Dataset records
────

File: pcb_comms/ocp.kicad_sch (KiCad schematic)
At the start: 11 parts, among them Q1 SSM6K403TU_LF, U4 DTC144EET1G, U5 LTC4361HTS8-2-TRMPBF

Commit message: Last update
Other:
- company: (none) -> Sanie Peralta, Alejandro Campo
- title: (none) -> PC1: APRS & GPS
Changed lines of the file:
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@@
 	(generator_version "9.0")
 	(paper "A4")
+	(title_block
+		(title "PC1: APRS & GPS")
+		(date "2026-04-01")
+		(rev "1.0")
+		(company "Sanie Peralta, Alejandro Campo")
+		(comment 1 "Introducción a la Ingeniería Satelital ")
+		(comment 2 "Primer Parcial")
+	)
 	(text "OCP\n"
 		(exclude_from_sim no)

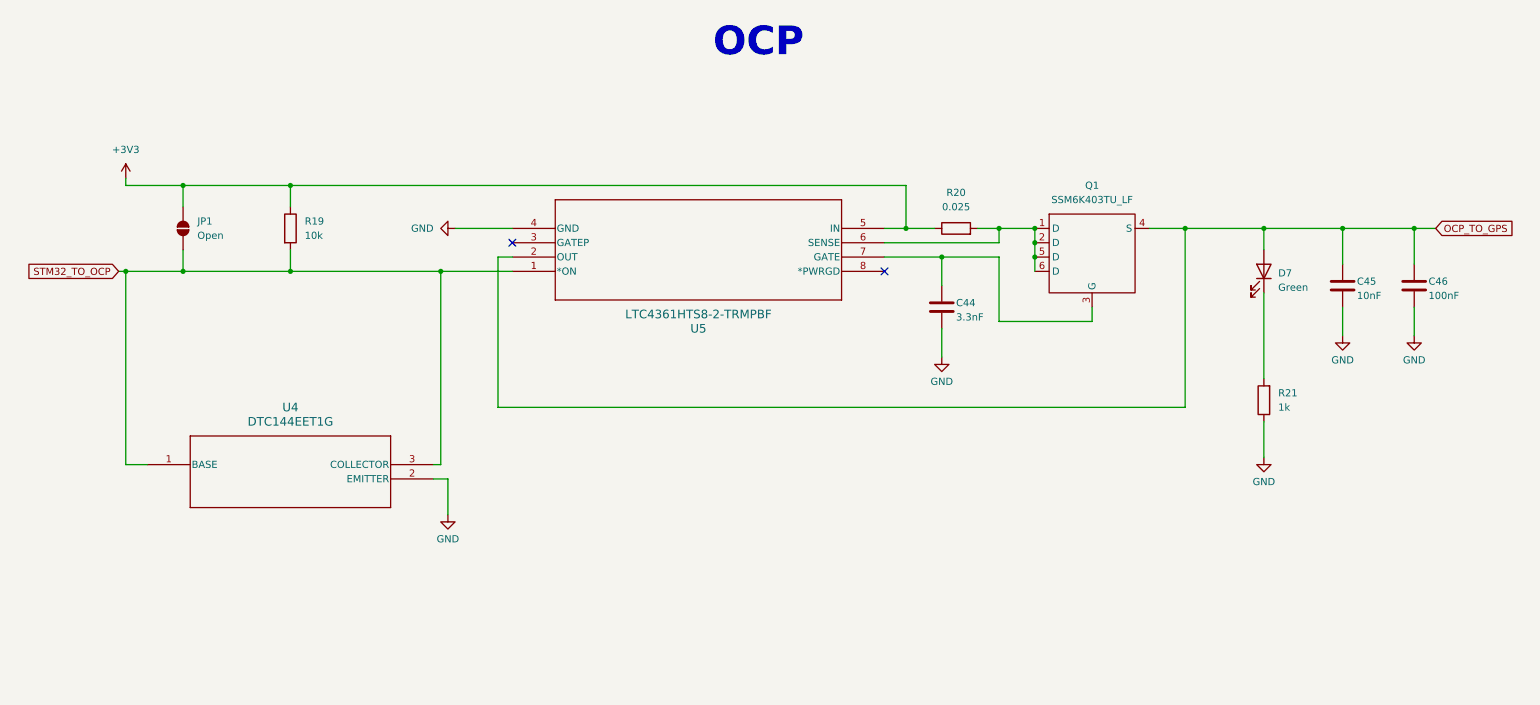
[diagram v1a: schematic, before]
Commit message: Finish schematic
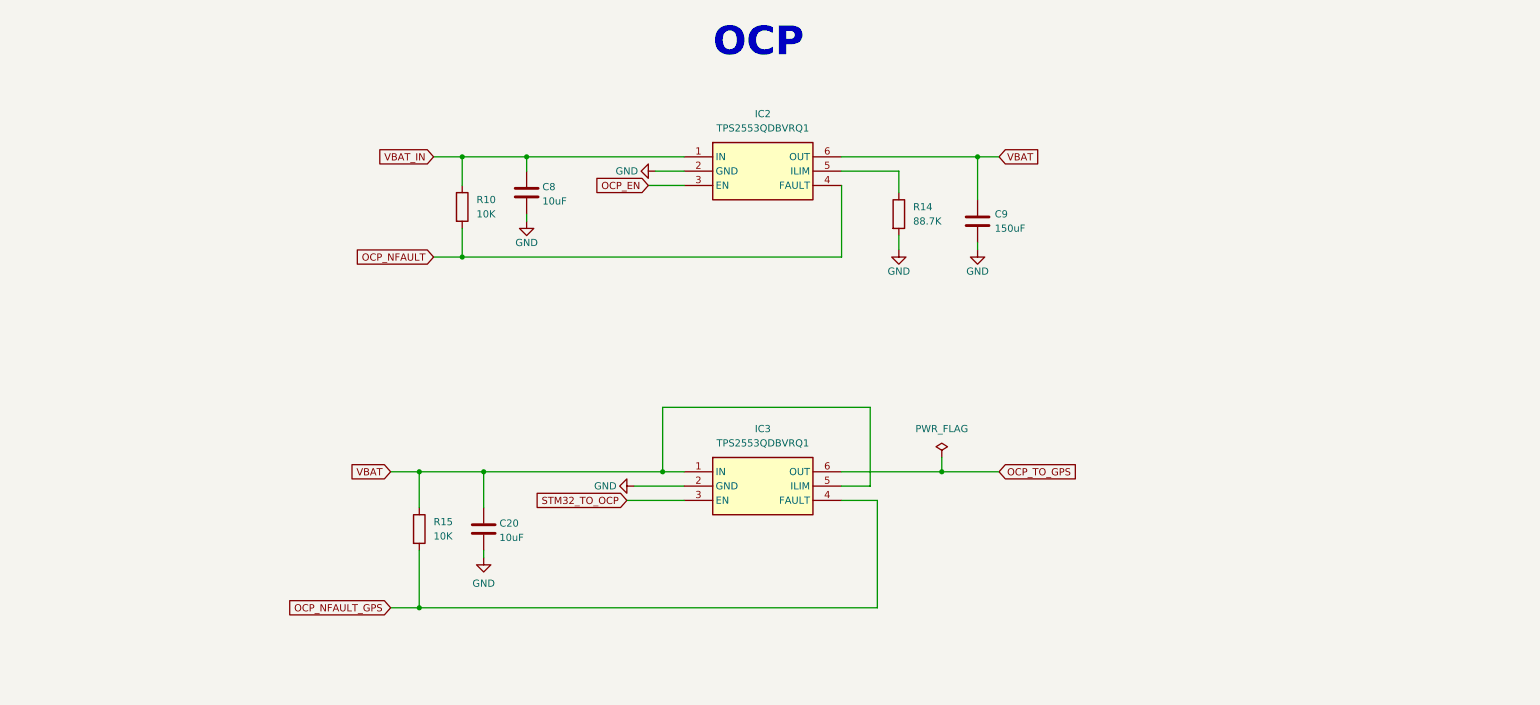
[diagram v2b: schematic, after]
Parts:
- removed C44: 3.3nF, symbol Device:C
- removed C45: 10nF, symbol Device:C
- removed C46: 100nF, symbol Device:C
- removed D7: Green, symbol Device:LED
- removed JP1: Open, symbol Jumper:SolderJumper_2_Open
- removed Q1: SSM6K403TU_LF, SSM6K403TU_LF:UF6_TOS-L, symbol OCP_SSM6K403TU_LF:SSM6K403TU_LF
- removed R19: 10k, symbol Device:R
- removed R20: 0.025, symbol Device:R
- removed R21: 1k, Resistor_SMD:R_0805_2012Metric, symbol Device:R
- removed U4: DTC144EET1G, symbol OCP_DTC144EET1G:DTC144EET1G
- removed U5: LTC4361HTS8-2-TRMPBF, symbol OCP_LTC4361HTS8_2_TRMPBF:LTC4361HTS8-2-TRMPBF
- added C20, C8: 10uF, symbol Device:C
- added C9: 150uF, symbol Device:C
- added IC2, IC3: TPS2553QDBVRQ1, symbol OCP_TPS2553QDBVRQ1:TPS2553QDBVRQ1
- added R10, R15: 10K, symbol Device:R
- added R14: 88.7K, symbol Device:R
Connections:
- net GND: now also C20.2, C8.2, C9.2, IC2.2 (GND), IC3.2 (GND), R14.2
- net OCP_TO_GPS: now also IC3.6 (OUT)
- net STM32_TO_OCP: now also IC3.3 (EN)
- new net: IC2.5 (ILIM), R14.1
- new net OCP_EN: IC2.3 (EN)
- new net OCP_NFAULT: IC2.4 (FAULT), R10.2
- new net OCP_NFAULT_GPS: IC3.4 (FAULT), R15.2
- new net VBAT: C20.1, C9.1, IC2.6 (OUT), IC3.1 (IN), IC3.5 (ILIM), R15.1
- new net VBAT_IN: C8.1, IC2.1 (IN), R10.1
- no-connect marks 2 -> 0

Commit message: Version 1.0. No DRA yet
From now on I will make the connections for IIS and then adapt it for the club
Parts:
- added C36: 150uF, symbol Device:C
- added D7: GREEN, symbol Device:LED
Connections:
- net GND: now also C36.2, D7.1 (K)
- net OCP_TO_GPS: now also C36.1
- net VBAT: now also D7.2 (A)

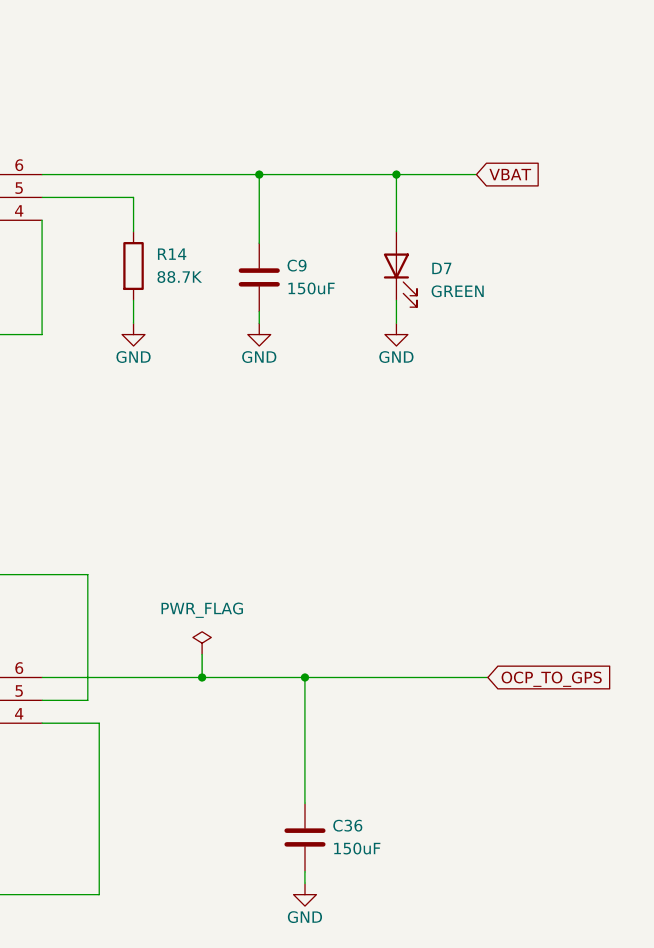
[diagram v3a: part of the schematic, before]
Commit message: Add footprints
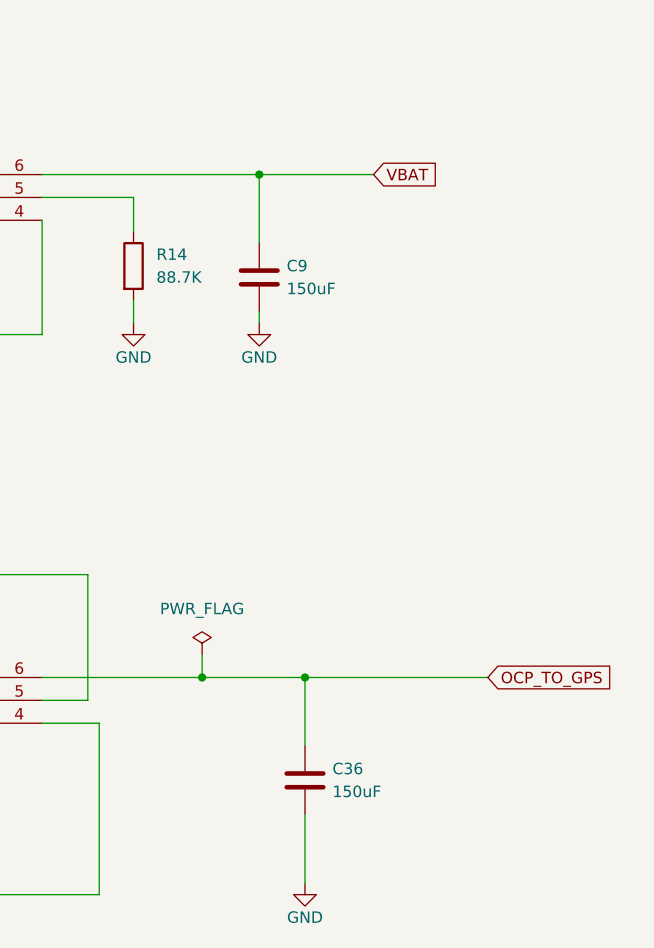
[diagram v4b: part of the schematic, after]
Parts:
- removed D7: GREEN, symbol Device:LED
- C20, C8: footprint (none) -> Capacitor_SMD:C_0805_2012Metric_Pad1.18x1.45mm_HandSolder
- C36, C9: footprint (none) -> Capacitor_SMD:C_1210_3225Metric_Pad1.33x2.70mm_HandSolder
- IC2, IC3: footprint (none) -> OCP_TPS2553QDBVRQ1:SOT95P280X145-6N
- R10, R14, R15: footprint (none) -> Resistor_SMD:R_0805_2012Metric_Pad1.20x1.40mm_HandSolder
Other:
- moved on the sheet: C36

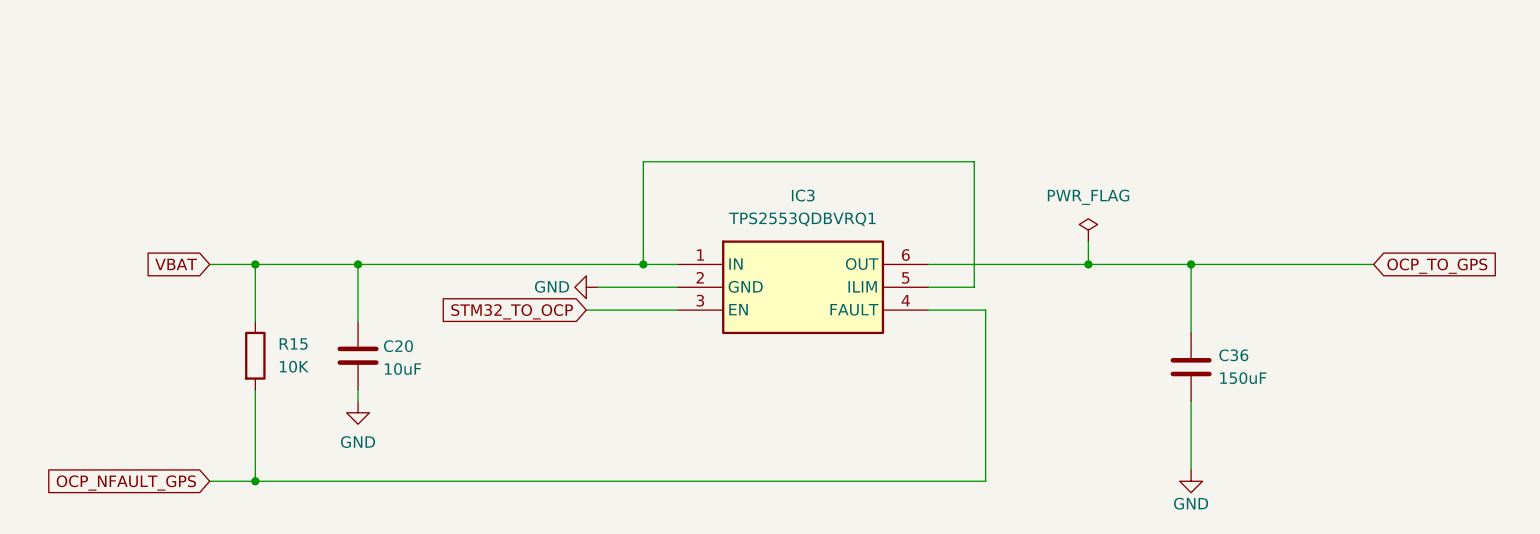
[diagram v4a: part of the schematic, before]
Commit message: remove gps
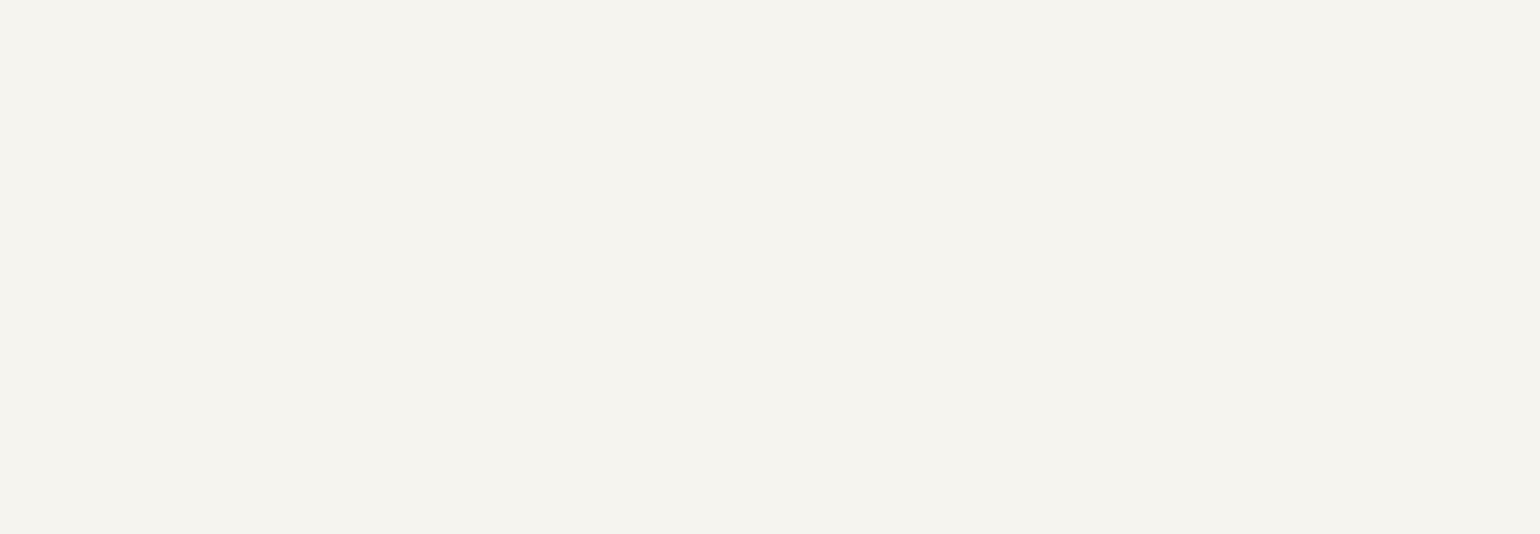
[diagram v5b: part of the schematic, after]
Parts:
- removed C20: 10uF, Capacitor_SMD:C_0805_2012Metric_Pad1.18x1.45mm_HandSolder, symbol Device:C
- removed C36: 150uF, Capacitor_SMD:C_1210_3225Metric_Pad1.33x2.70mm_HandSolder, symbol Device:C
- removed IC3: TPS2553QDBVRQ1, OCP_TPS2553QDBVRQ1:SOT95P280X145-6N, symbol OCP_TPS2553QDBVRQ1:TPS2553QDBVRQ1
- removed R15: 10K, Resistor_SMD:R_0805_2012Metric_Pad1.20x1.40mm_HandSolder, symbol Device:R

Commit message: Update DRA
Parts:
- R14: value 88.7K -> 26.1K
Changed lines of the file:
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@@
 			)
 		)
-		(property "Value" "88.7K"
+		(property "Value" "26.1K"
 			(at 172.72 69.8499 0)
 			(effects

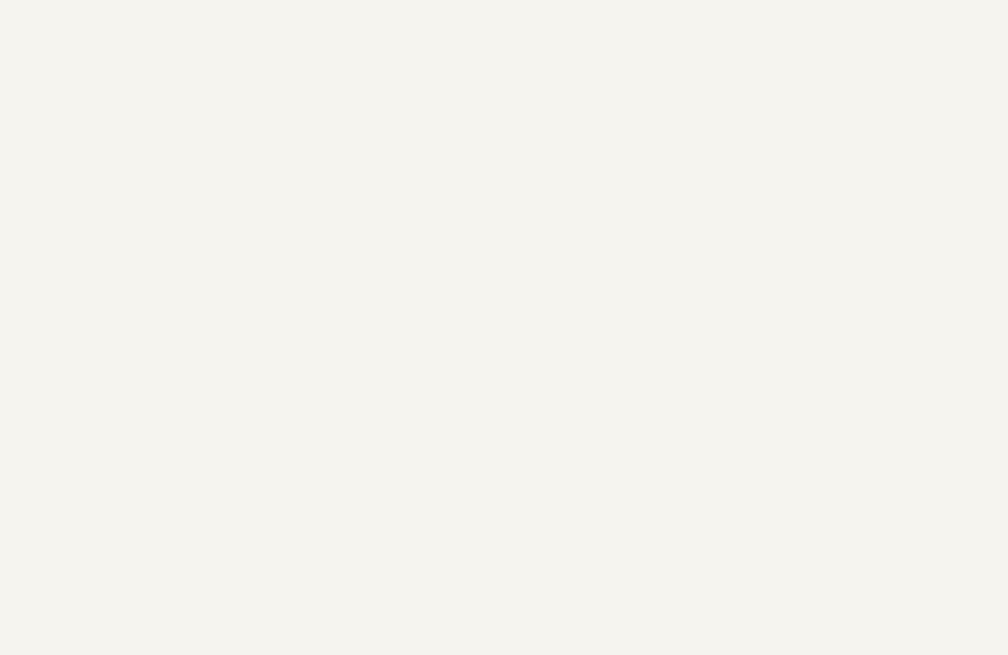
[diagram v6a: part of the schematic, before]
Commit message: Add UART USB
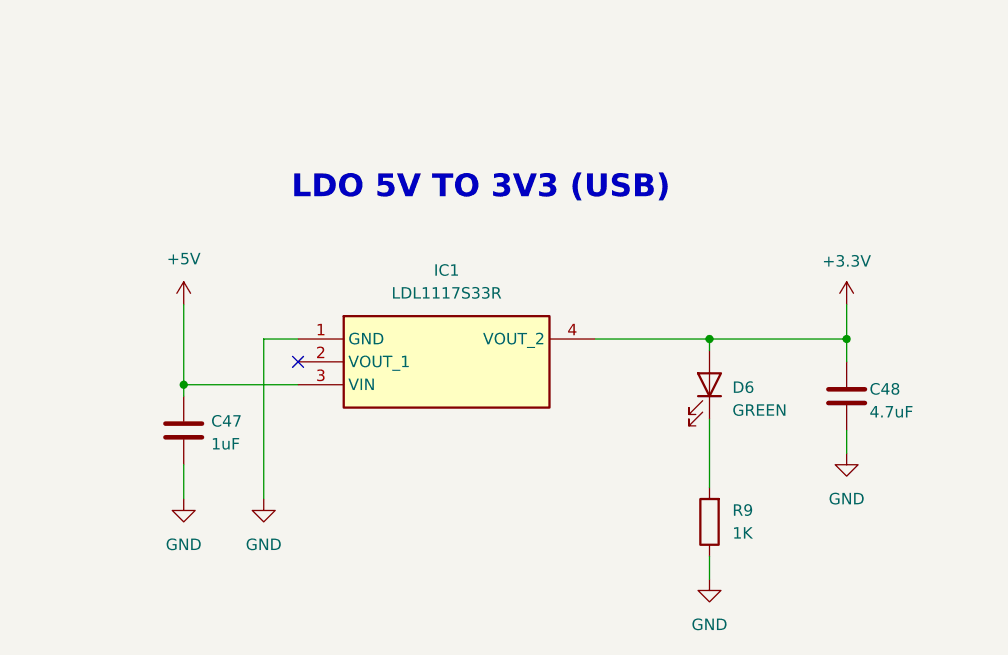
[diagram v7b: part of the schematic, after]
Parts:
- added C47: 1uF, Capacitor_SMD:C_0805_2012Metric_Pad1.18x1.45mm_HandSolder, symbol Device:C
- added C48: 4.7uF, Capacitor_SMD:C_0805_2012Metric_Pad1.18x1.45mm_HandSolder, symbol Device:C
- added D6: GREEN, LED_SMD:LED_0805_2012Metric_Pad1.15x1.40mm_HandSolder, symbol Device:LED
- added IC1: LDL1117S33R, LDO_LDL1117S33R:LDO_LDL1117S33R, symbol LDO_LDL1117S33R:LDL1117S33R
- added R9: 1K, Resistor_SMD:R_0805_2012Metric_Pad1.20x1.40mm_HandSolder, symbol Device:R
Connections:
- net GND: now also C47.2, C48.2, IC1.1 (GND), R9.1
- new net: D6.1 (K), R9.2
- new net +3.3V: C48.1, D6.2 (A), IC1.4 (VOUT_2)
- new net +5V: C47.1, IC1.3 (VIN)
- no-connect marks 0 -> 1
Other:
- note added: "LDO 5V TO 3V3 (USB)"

────

**How to complete this task**. Every line in the data above that contains the word "diagram" should be copied.

**Written response**.
[diagram v1a: schematic, before]
[diagram v2b: schematic, after]
[diagram v3a: part of the schematic, before]
[diagram v4b: part of the schematic, after]
[diagram v4a: part of the schematic, before]
[diagram v5b: part of the schematic, after]
[diagram v6a: part of the schematic, before]
[diagram v7b: part of the schematic, after]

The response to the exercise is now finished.